Easton has my wheels and am just waiting for a phone call to let me know what is going on. I will let you know what they find.


----------



## arkitect

UPDATE:
Well, I got my wheels back from EASTON and the problem is fixed. They told me they greased the hubs, checked dish and slightly changed it on the rear, checked spoke tension and all is good. One of the CS reps told me on the phone that I may need to put oil on the spokes to silence any noise when they rub..... Not sure she read the notes correctly. 

Anyhow, I have been using the wheels since I got them back and no noise at all from them so I guess all is fixed, for now.


----------



## Har

It's actually the noise the spokes make prior to them starting to break, they silenced the noise but the stress damage on the spokes is already done. Instead of replacing the spokes they have given you a band aid. It will be only a matter of time before they start breaking. I had 4 sets of rebuilds from Easton on EA 90 SUX's and a brand new set of EA 90 SL's directly from Easton to replace the SUX's. Horrible wheels, your darn lucky to of gotten 2000 miles on your EA 90 Aero's.


----------



## deviousalex

Just drop some Triflow where the spokes cross.


----------



## FastRich

Just curious about what sound they are/were making? I've had some problems with my EA90's and the rear was sent in and rebuilt due to some chronic spoke and nippe breaking issues. Now in the last couple weeks, my front has started creaking mostly on steep climbs when I'm out of the saddle or standing on a big gear. It's freaking me out because I don't like any noises coming out of my bike. 

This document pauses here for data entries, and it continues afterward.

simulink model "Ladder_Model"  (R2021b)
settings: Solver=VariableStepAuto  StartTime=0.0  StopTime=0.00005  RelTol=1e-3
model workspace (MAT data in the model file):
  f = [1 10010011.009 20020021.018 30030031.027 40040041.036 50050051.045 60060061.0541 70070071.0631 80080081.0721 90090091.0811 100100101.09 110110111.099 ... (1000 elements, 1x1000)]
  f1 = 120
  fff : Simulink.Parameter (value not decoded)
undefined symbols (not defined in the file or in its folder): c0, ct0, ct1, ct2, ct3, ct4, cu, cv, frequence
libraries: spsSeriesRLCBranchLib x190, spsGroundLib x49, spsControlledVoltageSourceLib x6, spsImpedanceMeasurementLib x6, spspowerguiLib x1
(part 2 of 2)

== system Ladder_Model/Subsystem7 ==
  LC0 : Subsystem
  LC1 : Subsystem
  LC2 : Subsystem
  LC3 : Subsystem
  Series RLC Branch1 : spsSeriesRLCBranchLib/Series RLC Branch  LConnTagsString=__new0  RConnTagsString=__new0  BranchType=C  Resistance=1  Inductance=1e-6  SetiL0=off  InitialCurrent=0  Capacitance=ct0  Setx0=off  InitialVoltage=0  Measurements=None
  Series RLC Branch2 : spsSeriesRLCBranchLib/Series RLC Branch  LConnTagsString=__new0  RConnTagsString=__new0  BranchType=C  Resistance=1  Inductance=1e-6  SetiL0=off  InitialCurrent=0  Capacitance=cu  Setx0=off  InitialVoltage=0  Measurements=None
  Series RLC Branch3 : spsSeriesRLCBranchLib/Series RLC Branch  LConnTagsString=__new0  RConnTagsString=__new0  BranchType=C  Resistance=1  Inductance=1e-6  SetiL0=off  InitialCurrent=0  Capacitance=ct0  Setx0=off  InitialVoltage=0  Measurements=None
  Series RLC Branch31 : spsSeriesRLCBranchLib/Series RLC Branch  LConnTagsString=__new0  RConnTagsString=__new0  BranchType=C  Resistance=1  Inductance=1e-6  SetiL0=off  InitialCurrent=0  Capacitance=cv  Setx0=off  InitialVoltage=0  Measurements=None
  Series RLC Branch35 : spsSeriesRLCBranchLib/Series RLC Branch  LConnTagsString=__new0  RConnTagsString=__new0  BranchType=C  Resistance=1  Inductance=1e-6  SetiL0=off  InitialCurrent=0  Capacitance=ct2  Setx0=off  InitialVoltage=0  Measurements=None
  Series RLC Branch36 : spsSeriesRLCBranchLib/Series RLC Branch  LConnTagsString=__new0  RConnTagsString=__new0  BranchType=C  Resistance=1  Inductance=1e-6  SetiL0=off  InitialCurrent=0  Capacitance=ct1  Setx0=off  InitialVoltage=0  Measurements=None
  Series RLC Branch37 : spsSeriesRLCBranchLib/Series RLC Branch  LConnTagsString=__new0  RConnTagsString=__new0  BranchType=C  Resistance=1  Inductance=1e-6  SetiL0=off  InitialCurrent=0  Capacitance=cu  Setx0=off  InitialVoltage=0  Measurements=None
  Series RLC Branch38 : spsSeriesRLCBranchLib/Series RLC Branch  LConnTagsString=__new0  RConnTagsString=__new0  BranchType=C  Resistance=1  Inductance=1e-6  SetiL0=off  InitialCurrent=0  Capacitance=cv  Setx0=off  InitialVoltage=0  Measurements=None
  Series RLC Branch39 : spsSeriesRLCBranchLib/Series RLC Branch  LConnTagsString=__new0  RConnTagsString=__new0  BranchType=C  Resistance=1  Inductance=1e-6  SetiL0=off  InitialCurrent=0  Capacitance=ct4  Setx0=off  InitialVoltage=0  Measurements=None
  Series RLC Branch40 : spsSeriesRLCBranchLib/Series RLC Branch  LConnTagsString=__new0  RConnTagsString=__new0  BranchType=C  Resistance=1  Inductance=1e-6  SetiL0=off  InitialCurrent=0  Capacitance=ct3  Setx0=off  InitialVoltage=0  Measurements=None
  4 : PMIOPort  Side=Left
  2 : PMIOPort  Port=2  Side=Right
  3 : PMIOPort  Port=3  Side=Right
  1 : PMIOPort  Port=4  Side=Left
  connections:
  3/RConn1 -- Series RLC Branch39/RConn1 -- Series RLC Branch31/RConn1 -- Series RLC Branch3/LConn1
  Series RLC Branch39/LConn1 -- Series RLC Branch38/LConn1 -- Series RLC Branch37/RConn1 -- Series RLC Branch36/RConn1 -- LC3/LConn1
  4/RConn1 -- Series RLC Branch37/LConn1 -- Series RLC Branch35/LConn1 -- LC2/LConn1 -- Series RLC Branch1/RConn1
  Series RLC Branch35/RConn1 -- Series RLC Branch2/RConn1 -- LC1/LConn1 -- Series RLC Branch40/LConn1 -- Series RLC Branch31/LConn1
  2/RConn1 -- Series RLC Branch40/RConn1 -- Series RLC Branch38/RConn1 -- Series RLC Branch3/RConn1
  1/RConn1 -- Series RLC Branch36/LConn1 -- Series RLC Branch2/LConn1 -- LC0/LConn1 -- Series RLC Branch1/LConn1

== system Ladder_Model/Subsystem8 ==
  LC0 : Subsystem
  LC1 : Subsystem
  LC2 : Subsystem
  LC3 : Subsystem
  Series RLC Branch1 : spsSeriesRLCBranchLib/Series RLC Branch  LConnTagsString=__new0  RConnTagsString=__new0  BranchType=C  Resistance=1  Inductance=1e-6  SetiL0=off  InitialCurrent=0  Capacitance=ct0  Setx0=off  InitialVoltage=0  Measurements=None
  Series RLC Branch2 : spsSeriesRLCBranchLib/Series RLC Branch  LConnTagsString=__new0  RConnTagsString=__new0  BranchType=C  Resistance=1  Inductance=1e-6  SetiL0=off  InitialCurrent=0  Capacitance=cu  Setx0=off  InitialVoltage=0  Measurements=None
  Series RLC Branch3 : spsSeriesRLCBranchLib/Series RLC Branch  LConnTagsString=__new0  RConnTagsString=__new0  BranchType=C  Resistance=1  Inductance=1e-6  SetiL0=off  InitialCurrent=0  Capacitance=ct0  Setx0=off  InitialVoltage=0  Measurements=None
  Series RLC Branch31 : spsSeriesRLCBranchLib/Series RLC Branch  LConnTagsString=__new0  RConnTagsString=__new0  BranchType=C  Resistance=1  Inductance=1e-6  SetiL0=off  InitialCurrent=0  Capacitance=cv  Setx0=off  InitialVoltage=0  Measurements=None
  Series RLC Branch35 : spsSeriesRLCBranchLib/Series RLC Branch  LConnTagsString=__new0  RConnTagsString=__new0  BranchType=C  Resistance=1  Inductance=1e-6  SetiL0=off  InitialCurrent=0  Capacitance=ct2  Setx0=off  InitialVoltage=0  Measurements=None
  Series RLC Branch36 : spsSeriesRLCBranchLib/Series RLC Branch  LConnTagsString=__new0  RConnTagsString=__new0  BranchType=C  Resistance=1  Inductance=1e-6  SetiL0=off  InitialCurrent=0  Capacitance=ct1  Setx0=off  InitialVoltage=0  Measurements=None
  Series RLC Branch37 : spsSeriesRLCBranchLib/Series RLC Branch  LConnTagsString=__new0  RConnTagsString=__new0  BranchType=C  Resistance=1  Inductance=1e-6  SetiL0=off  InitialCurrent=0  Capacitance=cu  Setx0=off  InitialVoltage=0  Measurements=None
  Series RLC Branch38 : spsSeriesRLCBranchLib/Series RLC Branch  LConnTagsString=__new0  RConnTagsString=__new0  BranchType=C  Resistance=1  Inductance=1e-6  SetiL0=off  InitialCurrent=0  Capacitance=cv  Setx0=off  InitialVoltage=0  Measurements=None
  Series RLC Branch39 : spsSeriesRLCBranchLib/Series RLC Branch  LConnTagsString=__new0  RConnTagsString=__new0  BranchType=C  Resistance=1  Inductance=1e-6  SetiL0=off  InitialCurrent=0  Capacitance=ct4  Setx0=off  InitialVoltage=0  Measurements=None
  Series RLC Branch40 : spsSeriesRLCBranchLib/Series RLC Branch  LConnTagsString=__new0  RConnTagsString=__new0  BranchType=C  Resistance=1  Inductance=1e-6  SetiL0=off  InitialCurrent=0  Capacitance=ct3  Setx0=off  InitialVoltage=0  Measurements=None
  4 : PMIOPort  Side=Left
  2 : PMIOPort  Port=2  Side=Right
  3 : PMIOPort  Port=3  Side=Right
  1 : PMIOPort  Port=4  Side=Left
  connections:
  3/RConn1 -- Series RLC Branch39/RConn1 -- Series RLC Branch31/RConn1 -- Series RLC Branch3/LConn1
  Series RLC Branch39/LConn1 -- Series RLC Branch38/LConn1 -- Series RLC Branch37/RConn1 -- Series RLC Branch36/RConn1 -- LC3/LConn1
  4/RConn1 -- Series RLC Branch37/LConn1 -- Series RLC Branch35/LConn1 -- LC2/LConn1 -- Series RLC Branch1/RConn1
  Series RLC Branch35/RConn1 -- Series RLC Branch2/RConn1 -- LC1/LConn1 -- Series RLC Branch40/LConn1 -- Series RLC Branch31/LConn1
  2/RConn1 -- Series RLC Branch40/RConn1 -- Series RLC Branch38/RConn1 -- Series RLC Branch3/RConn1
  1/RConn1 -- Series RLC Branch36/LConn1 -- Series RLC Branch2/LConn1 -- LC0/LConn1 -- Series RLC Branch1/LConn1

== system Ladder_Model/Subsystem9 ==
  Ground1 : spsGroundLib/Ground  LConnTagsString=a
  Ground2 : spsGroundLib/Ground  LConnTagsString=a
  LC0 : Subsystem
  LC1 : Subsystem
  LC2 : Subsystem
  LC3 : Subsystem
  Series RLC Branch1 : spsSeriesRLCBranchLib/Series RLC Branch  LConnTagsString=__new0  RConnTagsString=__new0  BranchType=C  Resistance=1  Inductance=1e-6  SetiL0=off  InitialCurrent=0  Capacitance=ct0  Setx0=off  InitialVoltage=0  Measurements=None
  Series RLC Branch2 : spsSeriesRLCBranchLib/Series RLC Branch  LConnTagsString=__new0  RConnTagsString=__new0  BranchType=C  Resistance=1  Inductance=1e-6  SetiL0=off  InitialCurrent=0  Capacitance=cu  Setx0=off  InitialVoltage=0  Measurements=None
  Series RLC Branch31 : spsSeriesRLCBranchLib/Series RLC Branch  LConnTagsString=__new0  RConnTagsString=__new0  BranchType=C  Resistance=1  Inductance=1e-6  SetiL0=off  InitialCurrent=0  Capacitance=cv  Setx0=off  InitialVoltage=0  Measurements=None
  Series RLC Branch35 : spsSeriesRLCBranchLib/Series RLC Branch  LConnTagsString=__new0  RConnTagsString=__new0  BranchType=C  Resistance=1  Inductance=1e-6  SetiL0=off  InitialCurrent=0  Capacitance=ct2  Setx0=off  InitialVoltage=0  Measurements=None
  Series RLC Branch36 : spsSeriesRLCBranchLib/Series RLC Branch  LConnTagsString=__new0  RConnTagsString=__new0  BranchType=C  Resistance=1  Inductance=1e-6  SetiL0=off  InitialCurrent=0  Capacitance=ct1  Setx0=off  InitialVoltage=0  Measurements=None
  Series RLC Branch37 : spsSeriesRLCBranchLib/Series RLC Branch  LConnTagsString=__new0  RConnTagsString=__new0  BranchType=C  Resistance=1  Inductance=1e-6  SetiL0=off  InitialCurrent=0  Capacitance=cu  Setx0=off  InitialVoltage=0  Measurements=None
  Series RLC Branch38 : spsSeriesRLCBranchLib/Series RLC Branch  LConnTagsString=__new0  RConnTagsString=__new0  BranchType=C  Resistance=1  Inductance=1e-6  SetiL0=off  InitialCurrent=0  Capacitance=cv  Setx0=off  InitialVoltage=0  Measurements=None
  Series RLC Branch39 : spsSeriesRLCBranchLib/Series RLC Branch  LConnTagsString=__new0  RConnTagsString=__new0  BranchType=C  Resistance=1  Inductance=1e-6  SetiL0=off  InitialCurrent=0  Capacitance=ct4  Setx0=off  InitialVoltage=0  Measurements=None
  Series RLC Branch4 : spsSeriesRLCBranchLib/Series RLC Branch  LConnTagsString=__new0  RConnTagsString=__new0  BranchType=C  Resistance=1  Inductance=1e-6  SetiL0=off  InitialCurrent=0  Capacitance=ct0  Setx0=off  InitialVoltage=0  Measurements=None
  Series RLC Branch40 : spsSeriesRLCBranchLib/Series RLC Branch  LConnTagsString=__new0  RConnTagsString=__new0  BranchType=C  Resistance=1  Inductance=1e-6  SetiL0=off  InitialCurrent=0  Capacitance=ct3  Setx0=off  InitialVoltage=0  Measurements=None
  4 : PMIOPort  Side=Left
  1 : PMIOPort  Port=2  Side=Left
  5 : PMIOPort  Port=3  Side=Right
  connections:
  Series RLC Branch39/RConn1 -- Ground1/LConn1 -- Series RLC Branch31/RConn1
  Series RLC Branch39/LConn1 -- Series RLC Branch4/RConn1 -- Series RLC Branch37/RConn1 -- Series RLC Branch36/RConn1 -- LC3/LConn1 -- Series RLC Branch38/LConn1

I was fairly set on getting rid of these wheels when I was having problems before because I don't think they are reliable. They are light, look nice and have a good feel but if they're not up to task, they gotta go. I guess I need to get motivated and execute my plan of replacing them with Ksyrium's.


----------



## arkitect

FastRich,
they are no longer making the "noise" (crossing my fingers....) but when they were, it was a slight pinging noise. Essentially, the spokes on the REAR wheel were making the noise, and it was while climbing. I think the spokes were rubbing against each other and making the noise. This indicates movement, not sure if all wheels do this or not, or if there was dirt or something on the spokes which added to the noise, but Easton checked both wheels, checked trueness, etc. and said all was fine. 

Stay tuned


----------



## Har

Easton suks, will stay tuned for your next message will be an update on broken spokes.


----------



## SteveOz1

been lurking the Eaton posts - have a set of older Orion II's that I love - thought about replacing with a more current Easton product but now I'm hesitant - someone mentioned a "bad" batch of Sapim spokes...if that is true why don't we hear of those spokes breaking from other builders?


----------



## Har

I said it before and will say it again the statement about a "bad" batch of spokes is ridiculous, I mean how many of these bad spokes could they have, 5 years’ worth? I had 5 sets of EA 90 SLX rebuilt in 3 years although each of those years the wheels were used maybe 8-9 months due to no winter riding in Mid Atlantic Weather. Easton GAVE UP on rebuilding and replacing spokes and actually at one point replacing the entire wheel set on the EA 90 SLX's after spokes broke on that set they DOWNGRADED me to a set of EA 90 SL's. They lasted less than 3 months before a spoke broke. That was May of 2012; I shipped them back to Easton for a rebuild and then went immediately out and got a set of Mavic's Ksyrium SL’s. Bottom line, the EA 90 SL series are JUNK! One of the funniest things I heard from Easton over the phone while doing the warranty part was when I was told my problem with all these broken spokes was "within industry standard".


----------